Peace...must be broadly defined to mean far more than the absence of war. Peace must stand on a foundation of justice, equality, sustainability, and all the other societal and human needs required for the world's citizenry to live productively, harmoniously and happily. (p. 5)

Chinn (2004, as cited in Campbell & van Zyl, 2019) formulates peace as the motivation for action, the process for getting to peace, and the outcome of human flourishing (p. 6). Chinn's (2004, as cited in Campbell & van Zyl, 2019) particularization of peace as intent, process, and outcome is particularly useful to consider in the context of medical practice,

The intention of peace is the commitment to chosen values and actions that consistently bring about harmony, trust and constructive solutions to differences and disagreements. The process of peace is the interactions that flow from the commitment. The outcome of peace is relations that give rise to ongoing harmony, trust, and effective solutions to problems. Peace requires that your chosen values guide your actions. Peace is the means and the end, the process and the product. (p. 6)

Key Terms in this Chapter

Authentic Peace Leadership: A leadership style centered on the transformation of a leader through self-development toward a culture of peace and exemplified by humility, empathy, integrity, and courage.

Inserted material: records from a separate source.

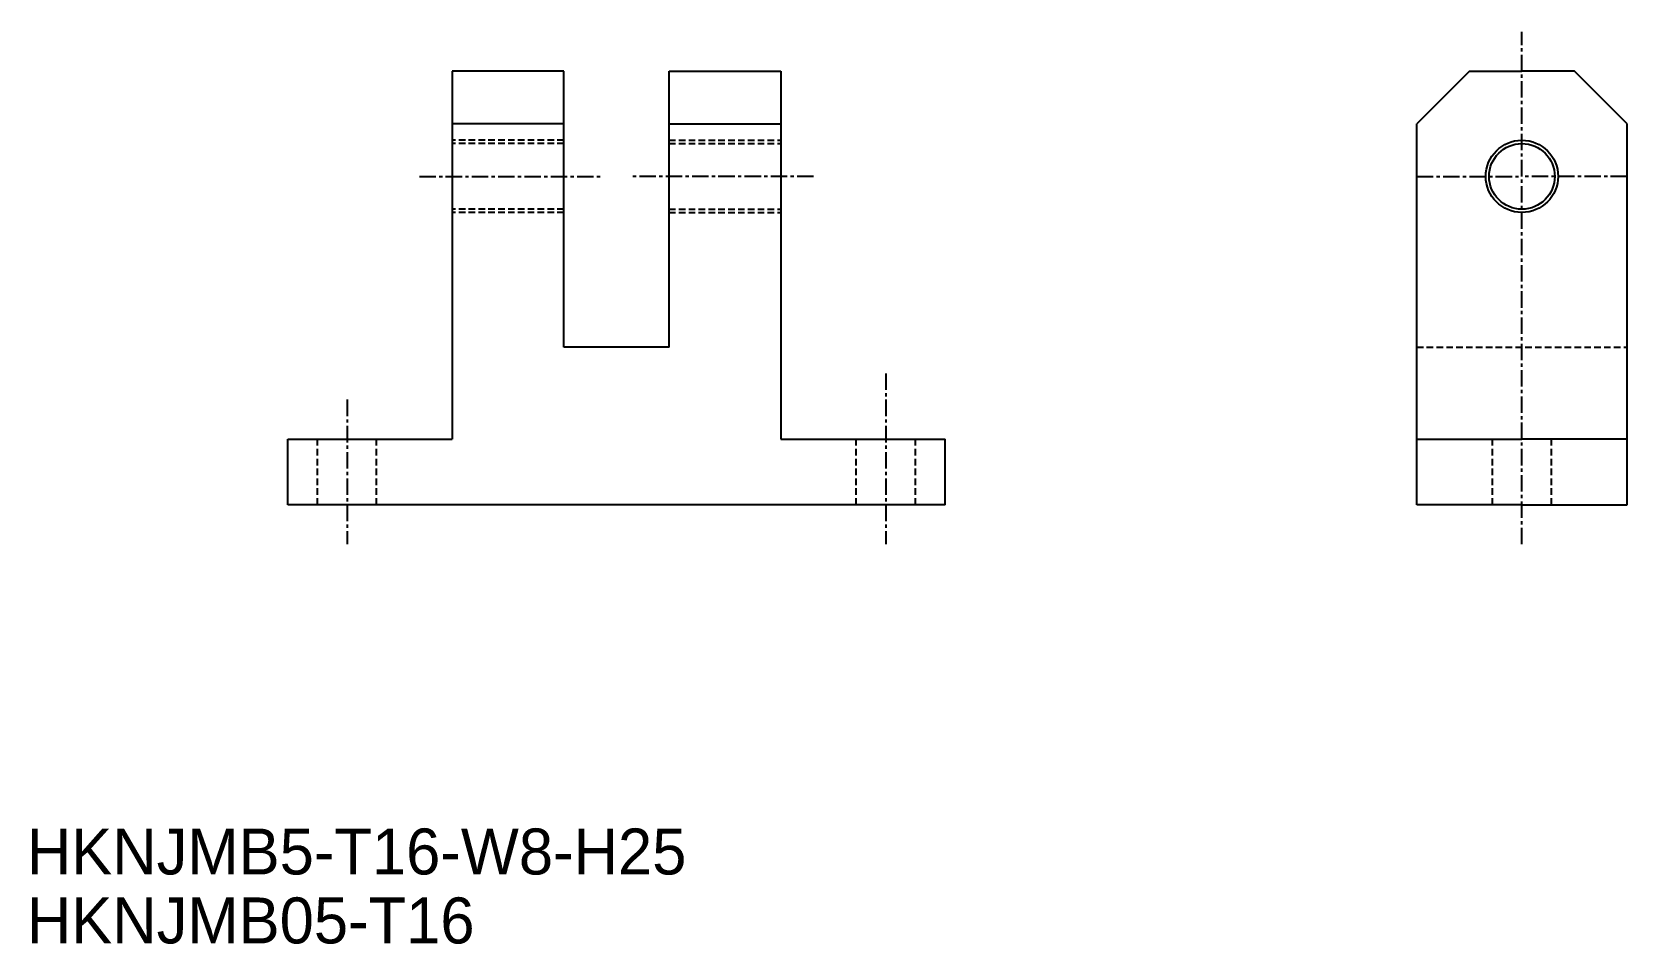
# Model space of a CAD drawing. Extents: x 1 to 122, y 1 to 70.
import ezdxf

# ---------------------------------------------------------------- set-up
doc = ezdxf.new("R2010")
doc.units = 0
doc.linetypes.add('CENTER', pattern=[2, 1.25, -0.25, 0.25, -0.25])
doc.linetypes.add('DASHED', pattern=[0.75, 0.5, -0.25])
doc.layers.get('0').update_dxf_attribs({"linetype": 'CONTINUOUS'})
doc.layers.add('CENTER', color=1, linetype='CENTER')

msp = doc.modelspace()

# ---------------------------------------------------------------- linework, layer by layer
at = {"color": 7, "linetype": 'CONTINUOUS'}
for p, q in [((32.82, 67.33), (32.82, 39.33)), ((41.32, 67.33), (32.82, 67.33)), ((41.32, 46.33), (41.32, 67.33)), ((49.32, 46.33), (49.32, 67.33)), ((49.32, 67.33), (57.82, 67.33)), ((57.82, 67.33), (57.82, 39.33)), ((110.22, 67.33), (106.22, 63.33)), ((110.22, 67.33), (114.22, 67.33)), ((118.22, 67.33), (114.22, 67.33)), ((122.22, 63.33), (118.22, 67.33)), ((41.32, 63.33), (32.82, 63.33)), ((49.32, 63.33), (57.82, 63.33)), ((106.22, 34.33), (106.22, 63.33)), ((122.22, 34.33), (122.22, 63.33)), ((49.32, 46.33), (41.32, 46.33)), ((20.32, 34.33), (20.32, 39.33)), ((20.32, 39.33), (32.82, 39.33)), ((57.82, 39.33), (70.32, 39.33)), ((70.32, 34.33), (70.32, 39.33)), ((106.22, 39.33), (114.22, 39.33)), ((122.22, 39.33), (114.22, 39.33)), ((70.32, 34.33), (20.32, 34.33)), ((114.22, 34.33), (106.22, 34.33)), ((114.22, 34.33), (122.22, 34.33))]:
    msp.add_line(p, q, dxfattribs=at)
at = {"color": 3, "linetype": 'DASHED'}
for p, q in [((41.32, 62.08), (32.82, 62.08)), ((49.32, 62.08), (57.82, 62.08)), ((41.32, 61.83), (32.82, 61.83)), ((49.32, 61.83), (57.82, 61.83)), ((41.32, 56.83), (32.82, 56.83)), ((41.32, 56.58), (32.82, 56.58)), ((49.32, 56.83), (57.82, 56.83)), ((49.32, 56.58), (57.82, 56.58)), ((106.22, 46.33), (122.22, 46.33)), ((22.57, 34.33), (22.57, 39.33)), ((27.07, 34.33), (27.07, 39.33)), ((63.57, 34.33), (63.57, 39.33)), ((68.07, 34.33), (68.07, 39.33)), ((111.97, 34.33), (111.97, 39.33)), ((116.47, 34.33), (116.47, 39.33))]:
    msp.add_line(p, q, dxfattribs=at)
at = {"color": 7, "linetype": 'CONTINUOUS'}
for radius in [2.75, 2.5]:
    msp.add_circle((114.22, 59.33), radius, dxfattribs=at)
at = {"layer": 'CENTER', "color": 1, "linetype": 'CENTER'}
for p, q in [((114.22, 31.33), (114.22, 70.33)), ((30.32, 59.33), (44.32, 59.33)), ((60.32, 59.33), (46.32, 59.33)), ((106.22, 59.33), (114.22, 59.33)), ((122.22, 59.33), (114.22, 59.33)), ((65.82, 44.33), (65.82, 31.33)), ((24.82, 42.33), (24.82, 31.33))]:
    msp.add_line(p, q, dxfattribs=at)

# ---------------------------------------------------------------- texts
at = {"color": 7, "linetype": 'CONTINUOUS'}
for s, p in [('HKNJMB5-T16-W8-H25', (0.45, 6.18)), ('HKNJMB05-T16', (0.45, 0.93))]:
    msp.add_text(s, height=3.5, dxfattribs=at).set_placement(p)

doc.saveas('drawing.dxf')

Undergraduate Medical Education: In the US, the four-year period of medical school during which a student learns the basic science and clinical foundations of medicine and culminates in a medical degree.

Transcendent Problem Solving: A method for addressing conflict that uses creativity and incremental iterations to solve bigger problems.

Recursive Thinking: A way of understanding cause and effect that accounts for the ways that the actions, arguments, and narratives of the participants shape the chain of events.

Continuing Professional Development: Programing and resources for professionals towards maintenance, enhancement, and development of knowledge and skills necessary to continue practice in a professional context (e.g., medicine, nursing, law, and engineering).

Professional Identity Formation: A process of internalizing the values, norms, and characteristics of a profession resulting in the individual thinking, acting, and feeling similarly to others in their profession.

Faculty Development: Programming and resources for faculty towards their professional development and advancement as educators, scholars, and leaders in academia.

Residency: Specialized training after undergraduate medical education where the newly graduated physician learns to practice in a specific area of medicine e.g., pediatrics, surgery, or dermatology.